After investing the amount of cash into the business the all the business owners doesn't tend to make a capital investment again if the business isn't performing well by a given time. If the business doesn't makes any amount of income or making less income to sustain the business and pay the rent, pay labor of the business, the business could go out of cash. Which means the business don't have money to pay the rent and pay for the labor. Because of that many business owners make the business go bankrupt.

Bankrupt is all about running out of cash. Banks won't show any interest to lend some money for a business which does have bad balance sheets. It's nearly impossible to sell the business to another party because the business is not getting successful.

If the business is a partnership or a sole proprietary business, the business owners will need to pay any amount of debts out to any party. 

Not all business owners understand the risk and do have the knowledge to manage the risk in the business. Due to reasons as such a business could be declared as bankrupt.

Bankruptcy of Individuals

While businesses are going bankrupt, individuals also could go bankrupt in different ways and different times. Each and every person needs to have a balanced income and expense to sustain throughout the life. There could be times where individuals take loans from a bank to buy a house, buy a car and etc... It's the borrowing person's responsibility to make the repayment to the bank with the required interest to the bank.

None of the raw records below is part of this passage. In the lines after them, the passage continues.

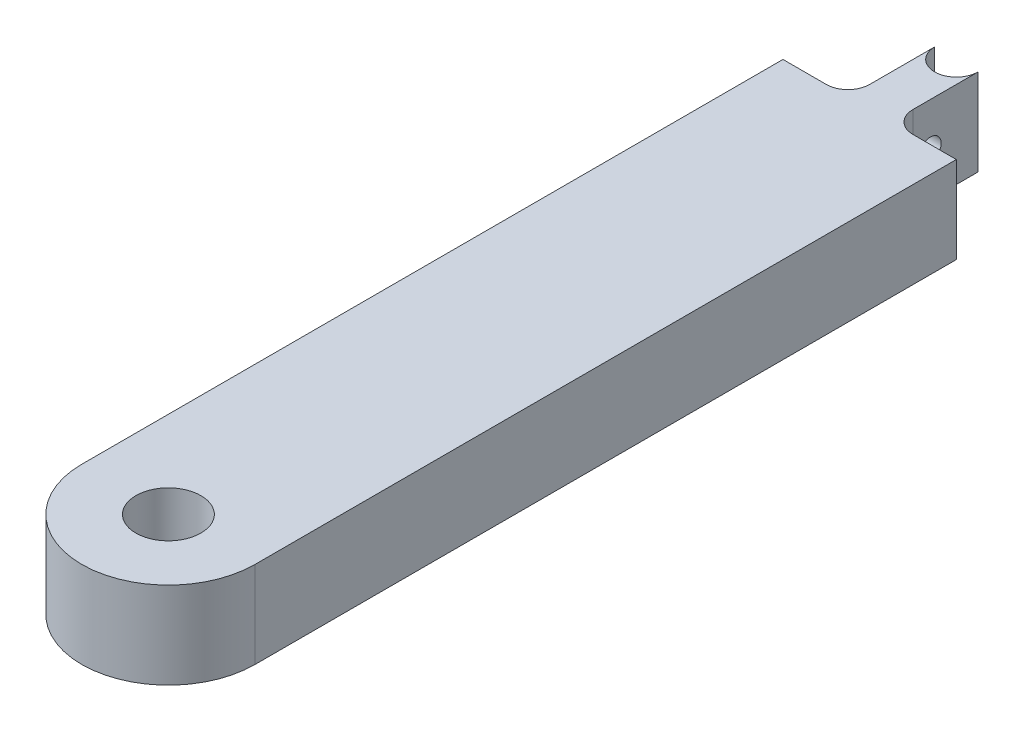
from build123d import *

# Parameters (mm, degrees)
SKETCH1_R           = 6.35
BOSS_EXTRUDE1_DEPTH = 25.4
FILLET4_R           = 6.35
SKETCH4_R           = 3.175
CUT_EXTRUDE4_DEPTH  = 64.008
SKETCH5_R           = 9.525
CUT_EXTRUDE5_DEPTH  = 64.008


with BuildPart() as part:
    # Sketch1 → Boss-Extrude1 (new body)
    with BuildSketch(Plane(origin=(0, 0, 0), x_dir=(1, 0, 0), z_dir=(0, 1, 0))):
        with BuildLine():
            Line((-25.4, 199.136), (-25.4, 0))
            ThreePointArc((-25.4, 0), (0, -25.4), (25.4, 0))
            Line((25.4, 0), (25.4, 199.136))
            Line((25.4, 199.136), (25.4, 205.486))
            Line((25.4, 205.486), (6.35, 205.486))
            Line((6.35, 205.486), (6.35, 230.886))
            ThreePointArc((6.35, 230.886), (4.490128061, 226.395871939), (0, 224.536))
            ThreePointArc((0, 224.536), (-4.490128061, 226.395871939), (-6.35, 230.886))
            Line((-6.35, 230.886), (-6.35, 205.486))
            Line((-6.35, 205.486), (-25.4, 205.486))
            Line((-25.4, 205.486), (-25.4, 199.136))
        make_face()
        with Locations(Location((0, 0, 0), (0, 0, 270))):
            Circle(SKETCH1_R, mode=Mode.SUBTRACT)
    extrude(amount=BOSS_EXTRUDE1_DEPTH)

    # Fillet4
    fillet4_edges = [part.edges().sort_by_distance(p)[0] for p in [
        (6.35, 12.7, -205.486),
        (-6.35, 12.7, -205.486),
    ]]
    fillet(fillet4_edges, radius=FILLET4_R)

    # Sketch4 → Cut-Extrude4 (cut)
    with BuildSketch(Plane.ZY.offset(6.35)):
        with Locations((-216.916, 12.699999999)):
            Circle(SKETCH4_R)
    extrude(amount=-CUT_EXTRUDE4_DEPTH, mode=Mode.SUBTRACT)

    # Sketch5 → Cut-Extrude5 (cut)
    with BuildSketch(Plane.XZ):
        with Locations(Location((0, 0, 0), (0, 0, 270))):
            Circle(SKETCH5_R)
    extrude(amount=-CUT_EXTRUDE5_DEPTH, mode=Mode.SUBTRACT)


solid = part.part

Many individuals do have an understanding with regards to the income and expenses and there are some individuals who doesn't have any idea about balancing income and expenses. if a person is doing a job and he or she is making 1000USD per week which means his or her weekly spending should be equal or less than 1000USD which is technically his or her's income. Anything above that 1000USD means that person do have a bag expense habit. 

There are times where a person loosing a job a getting stuck of paying rent of the house, lease of the car and credit card bill. If that person wasn't able to find a job immediately which can match the basic and mandatory expenses of him or her, the bank won't like to lend money to that person and the house owner will not like to rent the house that person and that person could ended up in road. At a state with all the frustration a human could get to a state where he or she can't make a way to earn good amount of cash. At a moment like that the person could be marked as bankrupt person or declare bankruptcy.

Getting bankrupt could affect the credit rating of the individual and it could be nearly impossible to keep the heads up after going bankrupt. Managing wealth, managing income and expenses could be the only way to not to become bankrupt.